→ WORK ITEM
From the records below, return every line containing the word "compensate".

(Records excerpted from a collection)
____
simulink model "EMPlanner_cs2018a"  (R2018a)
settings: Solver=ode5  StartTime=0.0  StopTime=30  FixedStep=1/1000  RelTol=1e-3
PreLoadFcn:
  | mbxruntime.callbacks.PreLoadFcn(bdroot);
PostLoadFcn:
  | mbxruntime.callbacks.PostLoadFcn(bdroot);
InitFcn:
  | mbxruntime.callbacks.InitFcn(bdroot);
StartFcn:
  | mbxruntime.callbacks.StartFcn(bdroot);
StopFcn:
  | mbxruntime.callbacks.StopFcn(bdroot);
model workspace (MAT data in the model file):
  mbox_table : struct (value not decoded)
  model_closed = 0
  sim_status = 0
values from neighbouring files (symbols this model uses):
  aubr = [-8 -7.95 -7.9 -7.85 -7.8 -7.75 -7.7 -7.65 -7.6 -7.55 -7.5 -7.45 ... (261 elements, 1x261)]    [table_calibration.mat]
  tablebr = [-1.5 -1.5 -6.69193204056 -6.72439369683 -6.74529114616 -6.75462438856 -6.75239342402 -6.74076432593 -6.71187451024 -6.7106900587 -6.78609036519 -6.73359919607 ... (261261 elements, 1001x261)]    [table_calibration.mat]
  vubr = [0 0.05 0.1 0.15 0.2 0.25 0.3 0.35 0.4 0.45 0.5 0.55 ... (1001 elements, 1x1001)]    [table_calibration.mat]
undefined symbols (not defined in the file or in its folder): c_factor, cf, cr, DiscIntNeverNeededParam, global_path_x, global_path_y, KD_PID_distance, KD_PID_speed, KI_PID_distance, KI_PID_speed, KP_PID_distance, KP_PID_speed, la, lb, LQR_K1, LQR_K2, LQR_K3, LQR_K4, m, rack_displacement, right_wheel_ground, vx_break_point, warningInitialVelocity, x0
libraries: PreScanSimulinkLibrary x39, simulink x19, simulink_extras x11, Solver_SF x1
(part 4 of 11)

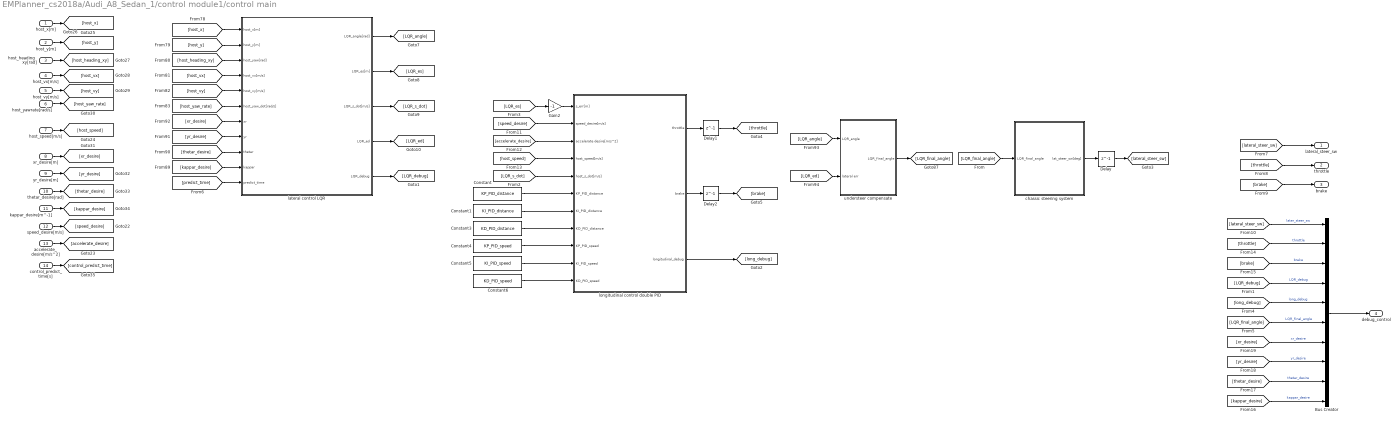
== system EMPlanner_cs2018a/Audi_A8_Sedan_1/control module1/control main ==
  host_x[m] : Inport
  host_y[m] : Inport  Port=2
  host_heading_xy[rad] : Inport  Port=3
  host_vx[m/s] : Inport  Port=4
  host_vy[m/s] : Inport  Port=5
  host_yawrate[rad/s] : Inport  Port=6
  host_speed[m/s] : Inport  Port=7
  xr_desire[m] : Inport  Port=8
  yr_desire[m] : Inport  Port=9
  thetar_desire[rad] : Inport  Port=10
  kappar_desire[m^-1] : Inport  Port=11
  speed_desire[m/s] : Inport  Port=12
  accelerate_desire[m/s^2] : Inport  Port=13
  control_predict_time[s] : Inport  Port=14
  Bus Creator : BusCreator  Inputs=10
  Constant : Constant  Value=KP_PID_distance
  Constant1 : Constant  Value=KI_PID_distance
  Constant3 : Constant  Value=KD_PID_distance
  Constant4 : Constant  Value=KP_PID_speed
  Constant5 : Constant  Value=KI_PID_speed
  Constant6 : Constant  Value=KD_PID_speed
  Delay : Delay  DelayLength=1
  Delay1 : Delay  DelayLength=1
  Delay2 : Delay  DelayLength=1
  Gain2 : Gain  Gain=-1
  chassic steering system : Subsystem
  lateral control LQR : Subsystem
  longitudinal control double PID : Subsystem
  understeer compensate : Subsystem
  lateral_steer_sw : Outport
  throttle : Outport  Port=2
  brake : Outport  Port=3
  debug_control : Outport  Port=4
  wires:
  host_x[m]/1 -> [host_x]
  understeer compensate/1(LQR_final_angle) -> [LQR_final_angle]
  lateral control LQR/1(LQR_angle[rad]) -> [LQR_angle]
  [host_vx] -> lateral control LQR/4(host_vx[m/s])
  thetar_desire[rad]/1 -> [thetar_desire]
  Constant1/1 -> longitudinal control double PID/7(KI_PID_distance)
  [accelerate_desire] -> longitudinal control double PID/3(accelerate desire[m/s^2])
  [host_x] -> lateral control LQR/1(host_x[m])
  [xr_desire] -> lateral control LQR/7(xr)
  accelerate_desire[m/s^2]/1 -> [accelerate_desire]
  [host_y] -> lateral control LQR/2(host_y[m])
  [LQR_s_dot] -> longitudinal control double PID/5(host_s_dot[m/s])
  [yr_desire] -> lateral control LQR/8(yr)
  [LQR_angle] -> understeer compensate/1(LQR_angle)
  xr_desire[m]/1 -> [xr_desire]
  [host_vy] -> lateral control LQR/5(host_vy[m/s])
  lateral control LQR/2(LQR_es[m]) -> [LQR_es]
  host_heading_xy[rad]/1 -> [host_heading_xy]
  [LQR_ed] -> understeer compensate/2(lateral err)
  lateral control LQR/3(LQR_s_dot[m/s]) -> [LQR_s_dot]
  Constant/1 -> longitudinal control double PID/6(KP_PID_distance)
  Constant3/1 -> longitudinal control double PID/8(KD_PID_distance)
  Constant5/1 -> longitudinal control double PID/10(KI_PID_speed)
  Constant4/1 -> longitudinal control double PID/9(KP_PID_speed)
  [host_speed] -> longitudinal control double PID/4(host_speed[m/s])
  [predict_time] -> lateral control LQR/11(predict_time)
  host_vx[m/s]/1 -> [host_vx]
  [speed_desire] -> longitudinal control double PID/2(speed_desire[m/s])
  lateral control LQR/4(LQR_ed) -> [LQR_ed]
  [thetar_desire] -> lateral control LQR/9(thetar)
  [host_heading_xy] -> lateral control LQR/3(host_yaw[rad])
  [kappar_desire] -> lateral control LQR/10(kappar)
  host_yawrate[rad/s]/1 -> [host_yaw_rate]
  kappar_desire[m^-1]/1 -> [kappar_desire]
  yr_desire[m]/1 -> [yr_desire]
  [host_yaw_rate] -> lateral control LQR/6(host_yaw_dot[rad/s])
  host_y[m]/1 -> [host_y]
  host_vy[m/s]/1 -> [host_vy]
  host_speed[m/s]/1 -> [host_speed]
  control_predict_time[s]/1 -> [control_predict_time]
  speed_desire[m/s]/1 -> [speed_desire]
  Constant6/1 -> longitudinal control double PID/11(KD_PID_speed)
  Gain2/1 -> longitudinal control double PID/1(s_err[m])
  [LQR_es] -> Gain2/1
  [LQR_final_angle] -> chassic steering system/1(LQR_final_angle)
  chassic steering system/1(lat_steer_sw[deg]) -> Delay/1
  longitudinal control double PID/1(throttle) -> Delay1/1
  longitudinal control double PID/2(brake) -> Delay2/1
  lateral control LQR/5(LQR_debug) -> [LQR_debug]
  longitudinal control double PID/3(longitudinal_debug) -> [long_debug]
  Delay/1 -> [lateral_steer_sw]
  Delay1/1 -> [throttle]
  Delay2/1 -> [brake]
  [lateral_steer_sw] -> lateral_steer_sw/1
  [throttle] -> throttle/1
  [brake] -> brake/1
  [lateral_steer_sw] -> Bus Creator/1  "later_steer_sw"
  [throttle] -> Bus Creator/2  "throttle"
  [brake] -> Bus Creator/3  "brake"
  [LQR_debug] -> Bus Creator/4  "LQR_debug"
  [long_debug] -> Bus Creator/5  "long_debug"
  [LQR_final_angle] -> Bus Creator/6  "LQR_final_angle"
  Bus Creator/1 -> debug_control/1
  [xr_desire] -> Bus Creator/7  "xr_desire"
  [yr_desire] -> Bus Creator/8  "yr_desire"
  [thetar_desire] -> Bus Creator/9  "thetar_desire"
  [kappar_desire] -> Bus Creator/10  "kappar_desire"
____
→ RESULT
  understeer compensate : Subsystem
  understeer compensate/1(LQR_final_angle) -> [LQR_final_angle]
  [LQR_angle] -> understeer compensate/1(LQR_angle)
  [LQR_ed] -> understeer compensate/2(lateral err)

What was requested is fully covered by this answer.